* WHAT YOU NEED TO DO:
Scan the records below for the line with "#114=CARTESIAN_POINT('',(3.175,228.6,0.));" and the line with "#134=VERTEX_POINT('',#133);". Repeat those two lines and every line between them exactly, and nothing else.

***** EXCERPTED DATA

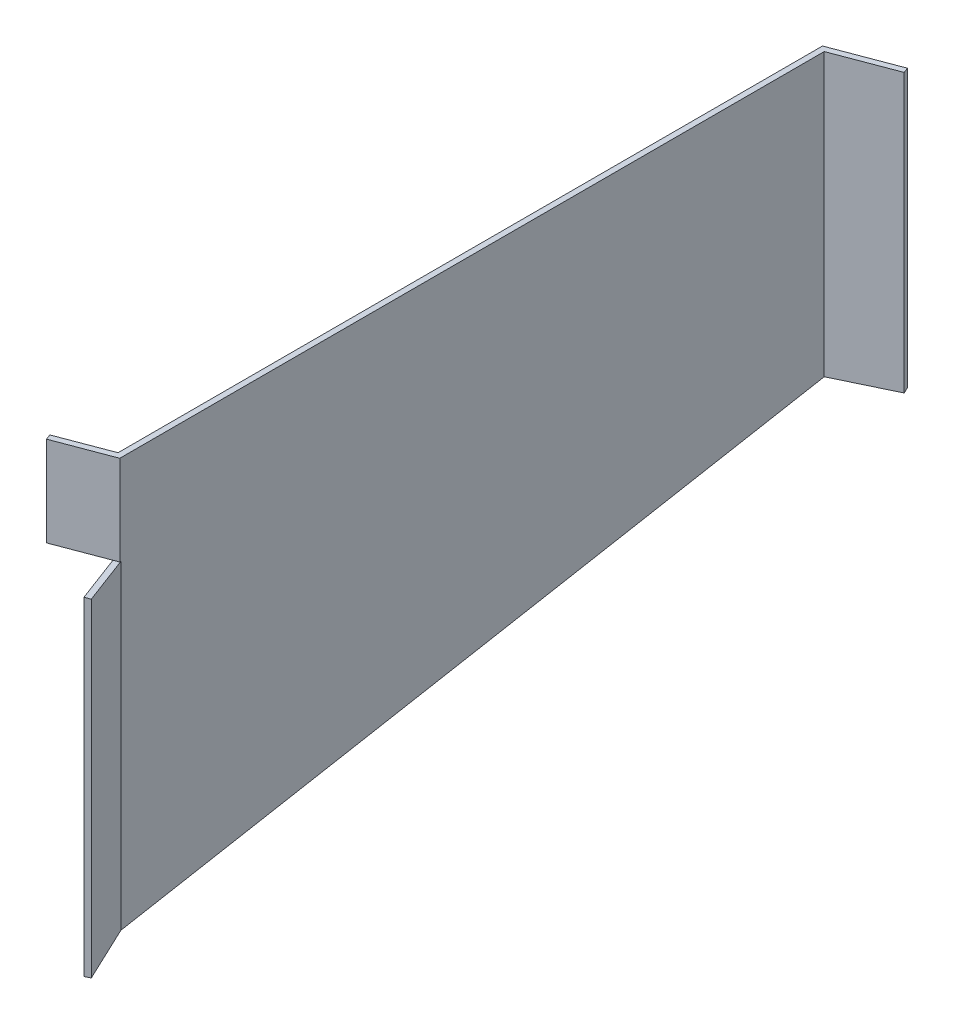
ISO-10303-21;
HEADER;
FILE_DESCRIPTION(('STEP AP214'),'2;1');
FILE_NAME('part.step','',(''),(''),'','','');
FILE_SCHEMA(('AUTOMOTIVE_DESIGN { 1 0 10303 214 1 1 1 1 }'));
ENDSEC;
DATA;
#1=APPLICATION_CONTEXT('core data for automotive mechanical design processes');
#2=APPLICATION_PROTOCOL_DEFINITION('international standard','automotive_design',2000,#1);
#3=PRODUCT_CONTEXT('',#1,'mechanical');
#4=PRODUCT('Part','Part','',(#3));
#5=PRODUCT_RELATED_PRODUCT_CATEGORY('part','',(#4));
#6=PRODUCT_DEFINITION_FORMATION('','',#4);
#7=PRODUCT_DEFINITION_CONTEXT('part definition',#1,'design');
#8=PRODUCT_DEFINITION('design','',#6,#7);
#9=PRODUCT_DEFINITION_SHAPE('','',#8);
#10=(LENGTH_UNIT() NAMED_UNIT(*) SI_UNIT(.MILLI.,.METRE.));
#11=(NAMED_UNIT(*) PLANE_ANGLE_UNIT() SI_UNIT($,.RADIAN.));
#12=(NAMED_UNIT(*) SI_UNIT($,.STERADIAN.) SOLID_ANGLE_UNIT());
#13=UNCERTAINTY_MEASURE_WITH_UNIT(LENGTH_MEASURE(1.E-05),#10,'distance_accuracy_value','');
#14=(GEOMETRIC_REPRESENTATION_CONTEXT(3) GLOBAL_UNCERTAINTY_ASSIGNED_CONTEXT((#13)) GLOBAL_UNIT_ASSIGNED_CONTEXT((#10,
#11,#12)) REPRESENTATION_CONTEXT('',''));
#15=CARTESIAN_POINT('',(0.,0.,0.));
#16=DIRECTION('',(0.,0.,1.));
#17=DIRECTION('',(1.,0.,0.));
#18=AXIS2_PLACEMENT_3D('',#15,#16,#17);
#19=CARTESIAN_POINT('',(0.,178.435,0.));
#20=DIRECTION('',(0.,-1.,0.));
#21=DIRECTION('',(0.,0.,-1.));
#22=AXIS2_PLACEMENT_3D('',#19,#20,#21);
#23=PLANE('',#22);
#24=DIRECTION('',(0.,0.,-1.));
#25=VECTOR('',#24,1.);
#26=CARTESIAN_POINT('',(0.,178.435,0.));
#27=LINE('',#26,#25);
#28=CARTESIAN_POINT('',(0.,178.435,0.));
#29=VERTEX_POINT('',#28);
#30=CARTESIAN_POINT('',(0.,178.435,-2.19557966754474));
#31=VERTEX_POINT('',#30);
#32=EDGE_CURVE('E214',#29,#31,#27,.T.);
#33=ORIENTED_EDGE('',*,*,#32,.F.);
#34=DIRECTION('',(-0.352995507839959,0.,-0.935625016470172));
#35=VECTOR('',#34,1.);
#36=CARTESIAN_POINT('',(0.,178.435,0.));
#37=LINE('',#36,#35);
#38=CARTESIAN_POINT('',(0.39562350566273,178.435,1.04861178338139));
#39=VERTEX_POINT('',#38);
#40=EDGE_CURVE('E164',#39,#29,#37,.T.);
#41=ORIENTED_EDGE('',*,*,#40,.F.);
#42=DIRECTION('',(0.935625016470171,0.,-0.35299550783996));
#43=VECTOR('',#42,1.);
#44=CARTESIAN_POINT('',(3.175,178.435,0.));
#45=LINE('',#44,#43);
#46=CARTESIAN_POINT('',(-26.5310942729279,178.435,11.2076073739187));
#47=VERTEX_POINT('',#46);
#48=EDGE_CURVE('E191',#47,#39,#45,.T.);
#49=ORIENTED_EDGE('',*,*,#48,.F.);
#50=DIRECTION('',(0.352995507839962,0.,0.935625016470171));
#51=VECTOR('',#50,1.);
#52=CARTESIAN_POINT('',(-26.5310942729279,178.435,11.2076073739187));
#53=LINE('',#52,#51);
#54=CARTESIAN_POINT('',(-27.6518550103198,178.435,8.23699794662595));
#55=VERTEX_POINT('',#54);
#56=EDGE_CURVE('E185',#55,#47,#53,.T.);
#57=ORIENTED_EDGE('',*,*,#56,.F.);
#58=DIRECTION('',(-0.935625016470171,0.,0.35299550783996));
#59=VECTOR('',#58,1.);
#60=CARTESIAN_POINT('',(-27.6518550103198,178.435,8.23699794662595));
#61=LINE('',#60,#59);
#62=EDGE_CURVE('E182',#31,#55,#61,.T.);
#63=ORIENTED_EDGE('',*,*,#62,.F.);
#64=EDGE_LOOP('',(#33,#41,#49,#57,#63));
#65=FACE_BOUND('',#64,.T.);
#66=ADVANCED_FACE('F45',(#65),#23,.T.);
#67=CARTESIAN_POINT('',(0.,228.6,0.));
#68=DIRECTION('',(1.,0.,0.));
#69=DIRECTION('',(0.,0.,-1.));
#70=AXIS2_PLACEMENT_3D('',#67,#68,#69);
#71=PLANE('',#70);
#72=ORIENTED_EDGE('',*,*,#32,.T.);
#73=DIRECTION('',(0.,1.,0.));
#74=VECTOR('',#73,1.);
#75=CARTESIAN_POINT('',(0.,228.6,-2.19557966754475));
#76=LINE('',#75,#74);
#77=CARTESIAN_POINT('',(0.,228.6,-2.19557966754472));
#78=VERTEX_POINT('',#77);
#79=EDGE_CURVE('E207',#31,#78,#76,.T.);
#80=ORIENTED_EDGE('',*,*,#79,.T.);
#81=DIRECTION('',(0.,0.,1.));
#82=VECTOR('',#81,1.);
#83=CARTESIAN_POINT('',(0.,228.6,0.));
#84=LINE('',#83,#82);
#85=CARTESIAN_POINT('',(0.,228.6,-395.409928));
#86=VERTEX_POINT('',#85);
#87=EDGE_CURVE('E255',#86,#78,#84,.T.);
#88=ORIENTED_EDGE('',*,*,#87,.F.);
#89=DIRECTION('',(0.,-1.,0.));
#90=VECTOR('',#89,1.);
#91=CARTESIAN_POINT('',(0.,228.6,-395.409928));
#92=LINE('',#91,#90);
#93=CARTESIAN_POINT('',(0.,71.795894,-395.409928));
#94=VERTEX_POINT('',#93);
#95=EDGE_CURVE('E264',#86,#94,#92,.T.);
#96=ORIENTED_EDGE('',*,*,#95,.T.);
#97=DIRECTION('',(0.,-0.178652221619614,0.983912284561168));
#98=VECTOR('',#97,1.);
#99=CARTESIAN_POINT('',(0.,0.,0.));
#100=LINE('',#99,#98);
#101=CARTESIAN_POINT('',(0.,0.,0.));
#102=VERTEX_POINT('',#101);
#103=EDGE_CURVE('E251',#94,#102,#100,.T.);
#104=ORIENTED_EDGE('',*,*,#103,.T.);
#105=DIRECTION('',(0.,-1.,0.));
#106=VECTOR('',#105,1.);
#107=CARTESIAN_POINT('',(0.,228.6,0.));
#108=LINE('',#107,#106);
#109=EDGE_CURVE('E11',#29,#102,#108,.T.);
#110=ORIENTED_EDGE('',*,*,#109,.F.);
#111=EDGE_LOOP('',(#72,#80,#88,#96,#104,#110));
#112=FACE_BOUND('',#111,.T.);
#113=ADVANCED_FACE('F47',(#112),#71,.F.);
#114=CARTESIAN_POINT('',(3.175,228.6,0.));
#115=DIRECTION('',(-1.,0.,0.));
#116=DIRECTION('',(0.,0.,1.));
#117=AXIS2_PLACEMENT_3D('',#114,#115,#116);
#118=PLANE('',#117);
#119=DIRECTION('',(0.,-1.,0.));
#120=VECTOR('',#119,1.);
#121=CARTESIAN_POINT('',(3.175,228.6,0.));
#122=LINE('',#121,#120);
#123=CARTESIAN_POINT('',(3.175,228.6,0.));
#124=VERTEX_POINT('',#123);
#125=CARTESIAN_POINT('',(3.175,178.435,0.));
#126=VERTEX_POINT('',#125);
#127=EDGE_CURVE('E54',#124,#126,#122,.T.);
#128=ORIENTED_EDGE('',*,*,#127,.T.);
#129=DIRECTION('',(0.,0.,-1.));
#130=VECTOR('',#129,1.);
#131=CARTESIAN_POINT('',(3.175,178.435,0.));
#132=LINE('',#131,#130);
#133=CARTESIAN_POINT('',(3.175,178.435,-0.579017489366659));
#134=VERTEX_POINT('',#133);
#135=EDGE_CURVE('E61',#126,#134,#132,.T.);
#136=ORIENTED_EDGE('',*,*,#135,.T.);
#137=DIRECTION('',(0.,1.,0.));
#138=VECTOR('',#137,1.);
#139=CARTESIAN_POINT('',(3.175,228.6,-0.579017489366659));
#140=LINE('',#139,#138);
#141=CARTESIAN_POINT('',(3.175,0.105134128778664,-0.579017489366656));
#142=VERTEX_POINT('',#141);
#143=EDGE_CURVE('E145',#142,#134,#140,.T.);
#144=ORIENTED_EDGE('',*,*,#143,.F.);
#145=DIRECTION('',(0.,-0.178652221619614,0.983912284561168));
#146=VECTOR('',#145,1.);
#147=CARTESIAN_POINT('',(3.175,0.,0.));
#148=LINE('',#147,#146);
#149=CARTESIAN_POINT('',(3.17500000000003,71.3972353070408,-393.214348332455));
#150=VERTEX_POINT('',#149);
#151=EDGE_CURVE('E250',#150,#142,#148,.T.);
#152=ORIENTED_EDGE('',*,*,#151,.F.);
#153=DIRECTION('',(0.,1.,0.));
#154=VECTOR('',#153,1.);
#155=CARTESIAN_POINT('',(3.17499999999993,228.6,-393.214348332455));
#156=LINE('',#155,#154);
#157=CARTESIAN_POINT('',(3.17500000000003,228.6,-393.214348332455));
#158=VERTEX_POINT('',#157);
#159=EDGE_CURVE('E246',#150,#158,#156,.T.);
#160=ORIENTED_EDGE('',*,*,#159,.T.);
#161=DIRECTION('',(0.,0.,-1.));
#162=VECTOR('',#161,1.);
#163=CARTESIAN_POINT('',(3.175,228.6,0.));
#164=LINE('',#163,#162);
#165=EDGE_CURVE('E69',#124,#158,#164,.T.);
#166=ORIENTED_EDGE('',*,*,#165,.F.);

**********

* ANSWER TO THIS PROBLEM:
#114=CARTESIAN_POINT('',(3.175,228.6,0.));
#115=DIRECTION('',(-1.,0.,0.));
#116=DIRECTION('',(0.,0.,1.));
#117=AXIS2_PLACEMENT_3D('',#114,#115,#116);
#118=PLANE('',#117);
#119=DIRECTION('',(0.,-1.,0.));
#120=VECTOR('',#119,1.);
#121=CARTESIAN_POINT('',(3.175,228.6,0.));
#122=LINE('',#121,#120);
#123=CARTESIAN_POINT('',(3.175,228.6,0.));
#124=VERTEX_POINT('',#123);
#125=CARTESIAN_POINT('',(3.175,178.435,0.));
#126=VERTEX_POINT('',#125);
#127=EDGE_CURVE('E54',#124,#126,#122,.T.);
#128=ORIENTED_EDGE('',*,*,#127,.T.);
#129=DIRECTION('',(0.,0.,-1.));
#130=VECTOR('',#129,1.);
#131=CARTESIAN_POINT('',(3.175,178.435,0.));
#132=LINE('',#131,#130);
#133=CARTESIAN_POINT('',(3.175,178.435,-0.579017489366659));
#134=VERTEX_POINT('',#133);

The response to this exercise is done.